しからば、原告は有効に成立した右売買により被告から本件家屋の所有権を取得したものであるから、これを原因として被告は原告に対し所有権移転登記手続をなす義務があり、また、被告が約定の明渡期限後も依然右家屋に居住してこれを原告に引渡していないことはその自認するところであるから、これを原告に明渡す義務がある。しかして、原告は、被告が約定期限後も明渡を履行せず原告の使用を妨げたため、これを用いて営む予定であつた商売により得べかりし利益を喪失し同額の損害を蒙つたと主張し、被告が依然こゝに居住していることは前述の通りであるが、原告の右主張は特別の事情により生じた損害の賠償を求める趣旨と解すべきところ、その損害の発生及び額の点について、これを認めるに不十分な原告本人尋問の結果を措いて他にこれを認めるに足る資料がないのみならず、当事者が特別の事情を予見し又は予見することを得べかりし点については、原告は主張立証しないから、損害賠償請求権を認めるわけにはゆかない。

次に、被告は、反訴として本件家屋について前記売買に基ずいて原告のなした所有権移転請求権保全の仮登記の抹消を求め、その仮登記の存することは当事者間に争がなく、売買の成立したことは前認定の通りであるから、右売買が無効であるとの前提にたつ被告の主張はこれを採用する限りではないし、又、売買の有効に成立した場合、これを原因とする所有権移転の登記又は仮登記をなすは格別、所有権移転請求権を保全せんがためにする仮登記はこれをなし得ず、かゝる仮登記は無効であり抹消せらるべきものであるとはいえ、所有権移転登記手続の履行を求める本訴請求を容認する以上、仮登記後第三者が本件家屋について権利を取得しその登記をなした等本登記の順位を仮登記のそれによらしめ得ない特別の事情が認められない限り、反訴として仮登記の抹消を訴求する実益がないと解するのが相当である。
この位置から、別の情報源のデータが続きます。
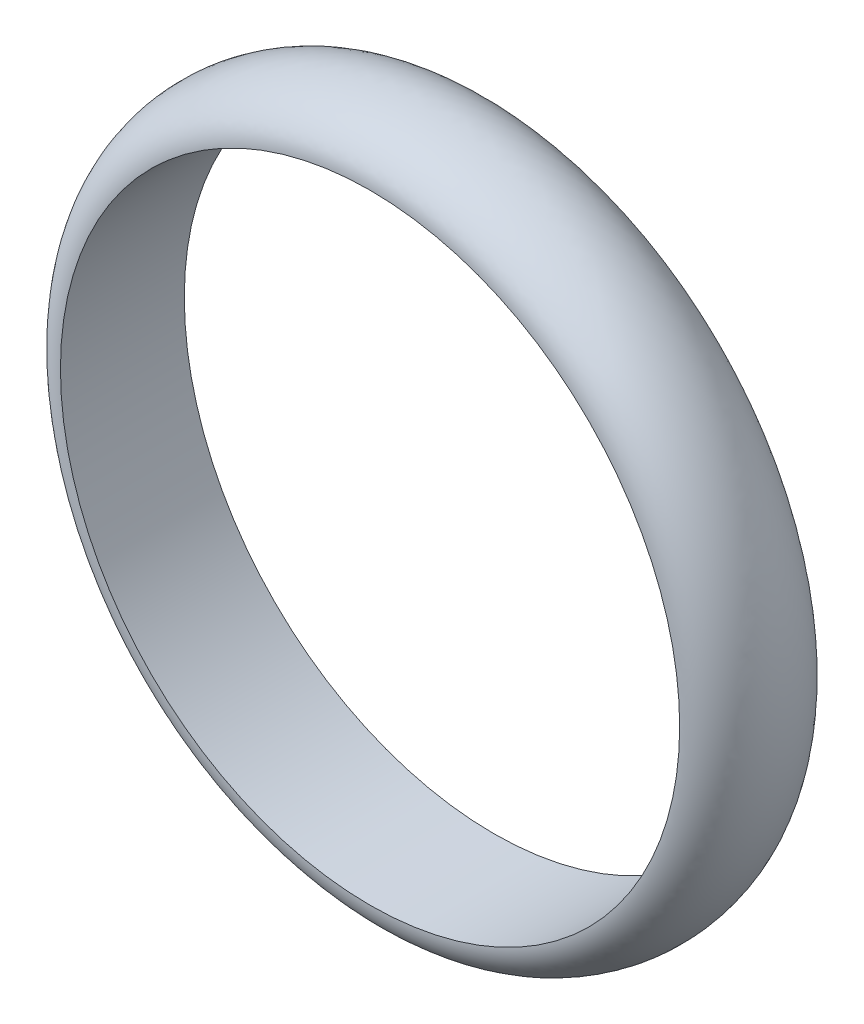
from build123d import *


with BuildPart() as part:
    # Esquisse1 → Révolution1 (revolve)
    with BuildSketch(Plane(origin=(0, 0, 0), x_dir=(0, 0, -1), z_dir=(1, 0, 0))):
        with BuildLine():
            Line((-10, 50), (10, 50))
            add(Edge.make_bspline(
                [(10, 50), (10, 57), (0, 57), (-10, 57), (-10, 50)],
                knots=[3.141592654, 3.141592654, 3.141592654, 4.71238898, 4.71238898, 6.283185307, 6.283185307, 6.283185307], degree=2, weights=[1, 0.707106781, 1, 0.707106781, 1]))
        make_face()
    revolve(axis=Axis((0, 0, 0), (0, 0, -1)))


solid = part.part

従つて、被告の反訴請求はこれを容認し得ない。

そこで、原告の本訴請求中、所有権移転登記手続及び明渡を求める部分は正当としてこれを認容し、原告のその余の請求及び被告の反訴請求はいずれもこれを失当として棄却し、訴訟費用の負担について民事訴訟法第八九条、第九二条を適用して、主文の通り判決する。